*** Opening of SOURCE MATERIAL ***

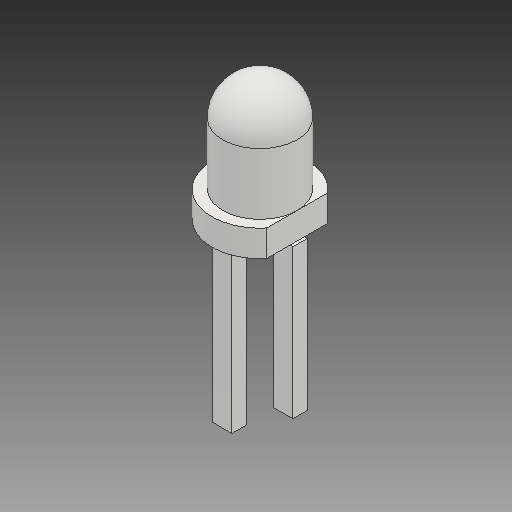
# Autodesk Inventor part: LED 3mm
Saved by Autodesk Inventor 2019.1 (Build 231200000, 200)
## iProperties
Part Number: LED 3mm
Material: PC/ABS-Kunststoff
Document SubType Name: Modeling
Designer: rYan
Density: 0.357273 g/cm^3
Appearance: Glatt - Weiß
Mass: 0.016731 g
Surface Area: 1.09458 cm^2
Volume: 0.0468299 cm^3
Author: rYan
Autodesk Inventor part; units mm, degrees
ref_plane "XZ Plane" through (0, 0, 0) normal (0, 1, 0) x (-1, 0, 0)
ref_plane "XY Plane" through (0, 0, 0) normal (0, 0, 1) x (1, 0, 0)
sketch "Skizze2" plane through (0, 0, 0) normal (0, 1, 0) x (-1, 0, 0)
  line L0 (0, 0) -> (0, 5.2)
  arc A0 (0, 5.2) -> (-1.55, 3.65) centre (0, 3.65) ccw
  line L1 (-1.55, 3.65) -> (-1.55, 1.1)
  line L2 (-1.55, 1.1) -> (-2, 1.1)
  line L3 (-2, 1.1) -> (-2, 0)
  line L4 (-2, 0) -> (0, 0)
  dimension "d0" = 5.2
  dimension "d1" = 3.1
  dimension "d2" = 4.1
  dimension "d3" = 4
  constraints: 10 end point, 3 perpendicular, 2 point on circle, 2 vertical, 1 centre point, 1 point on line, 1 tangent
  measures "d0" distance of L0.start L0.end
  measures "d1" diameter of L1 L0
  measures "d2" distance from line of L2 L0.end
  measures "d3" diameter of L3 L0
revolve "Umdrehung1" add sketch "Skizze2" angle 360 about axis through (0, 0, 0) along (0, 0, 1)
ref_plane "Arbeitsebene1" through (1.55, 0, 2.375) normal (1, 0, 0) x (0, 1, 0)
sketch "Skizze3" plane through (1.55, 0, 2.375) normal (1, 0, 0) x (0, 1, 0)
  line L0 (2, -2.375) -> (-2, -2.375) projected
  line L1 (2, -1.275) -> (-2, -1.275) projected
  line L2 (2, -1.275) -> (-2, -1.275) projected
  line L3 (-2, -1.275) -> (2, -1.275)
  line L4 (2, -1.275) -> (2, -2.375)
  line L5 (2, -2.375) -> (-2, -2.375)
  line L6 (-2, -2.375) -> (-2, -1.275)
  point P0 (0, -2.375)
  constraints: 8 end point, 2 parallel, 1 horizontal, 1 perpendicular
extrude "Extrusion1" cut sketch "Skizze3" along normal through all
sketch "Skizze4" plane through (0, 0, 0) normal (0, 1, 0) x (-1, 0, 0)
  line L0 (-1.55, 0) -> (-1.55, 0) projected
  line L1 (2, 0) -> (-1.55, 0) projected
  line L2 (0.87, 0) -> (1.67, 0)
  line L3 (1.67, 0) -> (1.67, -8)
  line L4 (1.67, -8) -> (0.87, -8)
  line L5 (0.87, -8) -> (0.87, 0)
  line L6 (-1.67, 0) -> (-0.87, 0)
  line L7 (-0.87, 0) -> (-0.87, -6.2)
  line L8 (-0.87, -6.2) -> (-1.67, -6.2)
  line L9 (-1.67, -6.2) -> (-1.67, 0)
  line L10 (0, -7.8775) -> (0, 7.3796) projected
  line L11 (1.27, -8) -> (1.27, 0) construction
  line L12 (-1.27, 0) -> (-1.27, -6.2) construction
  point P0 (0, 0)
  dimension "d7" = 0.8
  dimension "d8" = 0.8
  dimension "d9" = 2.54
  dimension "d10" = 1.8
  dimension "d11" = 8
  constraints: 20 end point, 4 midpoint, 4 parallel, 2 horizontal, 2 perpendicular, 2 point on line, 1 other
  measures "d7" distance of L3.end L4.end
  measures "d8" distance of L7.end L8.end
  measures "d9" distance between parallel lines of L11 L12
  measures "d10" distance between parallel lines of L8 L4
  measures "d11" distance of L2.end L3.end
extrude "Extrusion2" add sketch "Skizze4" along normal mid plane 0.6
sketch "Skizze5" plane through (0, 0, 0) normal (1, 0, 0) x (0, 1, 0)
  line L0 (0, 12.04) -> (0, -35.84) projected
  line L1 (0, 2.4) -> (0, 52.4)
  line L2 (0, 2.4) -> (18.1985, 52.4)
  line L3 (18.1985, 52.4) -> (0, 52.4)
  arc A0 (1.55, 3.65) -> (-1.55, 3.65) centre (0, 3.65) ccw projected
  line L4 (-3.0679, 5.2) -> (3.702, 5.2) construction
  point P0 (0, 0)
  dimension "d14" = 50
  dimension "d15" = 2.8
  dimension "d16" = 20
  constraints: 8 end point, 2 point on line, 1 horizontal, 1 perpendicular, 1 tangent
  measures "d14" distance of L1.start L1.end
  measures "d15" distance from line of L1.start L4
  measures "d16" angle of L2 L1
revolve "Umdrehung2" [suppressed]

*** Close of SOURCE MATERIAL ***

#### WHAT THE TASK ASKS:
Reproduce the records above word for word, without the images.

#### YOUR SOLUTION:
# Autodesk Inventor part: LED 3mm
Saved by Autodesk Inventor 2019.1 (Build 231200000, 200)
## iProperties
Part Number: LED 3mm
Material: PC/ABS-Kunststoff
Document SubType Name: Modeling
Designer: rYan
Density: 0.357273 g/cm^3
Appearance: Glatt - Weiß
Mass: 0.016731 g
Surface Area: 1.09458 cm^2
Volume: 0.0468299 cm^3
Author: rYan
Autodesk Inventor part; units mm, degrees
ref_plane "XZ Plane" through (0, 0, 0) normal (0, 1, 0) x (-1, 0, 0)
ref_plane "XY Plane" through (0, 0, 0) normal (0, 0, 1) x (1, 0, 0)
sketch "Skizze2" plane through (0, 0, 0) normal (0, 1, 0) x (-1, 0, 0)
  line L0 (0, 0) -> (0, 5.2)
  arc A0 (0, 5.2) -> (-1.55, 3.65) centre (0, 3.65) ccw
  line L1 (-1.55, 3.65) -> (-1.55, 1.1)
  line L2 (-1.55, 1.1) -> (-2, 1.1)
  line L3 (-2, 1.1) -> (-2, 0)
  line L4 (-2, 0) -> (0, 0)
  dimension "d0" = 5.2
  dimension "d1" = 3.1
  dimension "d2" = 4.1
  dimension "d3" = 4
  constraints: 10 end point, 3 perpendicular, 2 point on circle, 2 vertical, 1 centre point, 1 point on line, 1 tangent
  measures "d0" distance of L0.start L0.end
  measures "d1" diameter of L1 L0
  measures "d2" distance from line of L2 L0.end
  measures "d3" diameter of L3 L0
revolve "Umdrehung1" add sketch "Skizze2" angle 360 about axis through (0, 0, 0) along (0, 0, 1)
ref_plane "Arbeitsebene1" through (1.55, 0, 2.375) normal (1, 0, 0) x (0, 1, 0)
sketch "Skizze3" plane through (1.55, 0, 2.375) normal (1, 0, 0) x (0, 1, 0)
  line L0 (2, -2.375) -> (-2, -2.375) projected
  line L1 (2, -1.275) -> (-2, -1.275) projected
  line L2 (2, -1.275) -> (-2, -1.275) projected
  line L3 (-2, -1.275) -> (2, -1.275)
  line L4 (2, -1.275) -> (2, -2.375)
  line L5 (2, -2.375) -> (-2, -2.375)
  line L6 (-2, -2.375) -> (-2, -1.275)
  point P0 (0, -2.375)
  constraints: 8 end point, 2 parallel, 1 horizontal, 1 perpendicular
extrude "Extrusion1" cut sketch "Skizze3" along normal through all
sketch "Skizze4" plane through (0, 0, 0) normal (0, 1, 0) x (-1, 0, 0)
  line L0 (-1.55, 0) -> (-1.55, 0) projected
  line L1 (2, 0) -> (-1.55, 0) projected
  line L2 (0.87, 0) -> (1.67, 0)
  line L3 (1.67, 0) -> (1.67, -8)
  line L4 (1.67, -8) -> (0.87, -8)
  line L5 (0.87, -8) -> (0.87, 0)
  line L6 (-1.67, 0) -> (-0.87, 0)
  line L7 (-0.87, 0) -> (-0.87, -6.2)
  line L8 (-0.87, -6.2) -> (-1.67, -6.2)
  line L9 (-1.67, -6.2) -> (-1.67, 0)
  line L10 (0, -7.8775) -> (0, 7.3796) projected
  line L11 (1.27, -8) -> (1.27, 0) construction
  line L12 (-1.27, 0) -> (-1.27, -6.2) construction
  point P0 (0, 0)
  dimension "d7" = 0.8
  dimension "d8" = 0.8
  dimension "d9" = 2.54
  dimension "d10" = 1.8
  dimension "d11" = 8
  constraints: 20 end point, 4 midpoint, 4 parallel, 2 horizontal, 2 perpendicular, 2 point on line, 1 other
  measures "d7" distance of L3.end L4.end
  measures "d8" distance of L7.end L8.end
  measures "d9" distance between parallel lines of L11 L12
  measures "d10" distance between parallel lines of L8 L4
  measures "d11" distance of L2.end L3.end
extrude "Extrusion2" add sketch "Skizze4" along normal mid plane 0.6
sketch "Skizze5" plane through (0, 0, 0) normal (1, 0, 0) x (0, 1, 0)
  line L0 (0, 12.04) -> (0, -35.84) projected
  line L1 (0, 2.4) -> (0, 52.4)
  line L2 (0, 2.4) -> (18.1985, 52.4)
  line L3 (18.1985, 52.4) -> (0, 52.4)
  arc A0 (1.55, 3.65) -> (-1.55, 3.65) centre (0, 3.65) ccw projected
  line L4 (-3.0679, 5.2) -> (3.702, 5.2) construction
  point P0 (0, 0)
  dimension "d14" = 50
  dimension "d15" = 2.8
  dimension "d16" = 20
  constraints: 8 end point, 2 point on line, 1 horizontal, 1 perpendicular, 1 tangent
  measures "d14" distance of L1.start L1.end
  measures "d15" distance from line of L1.start L4
  measures "d16" angle of L2 L1
revolve "Umdrehung2" [suppressed]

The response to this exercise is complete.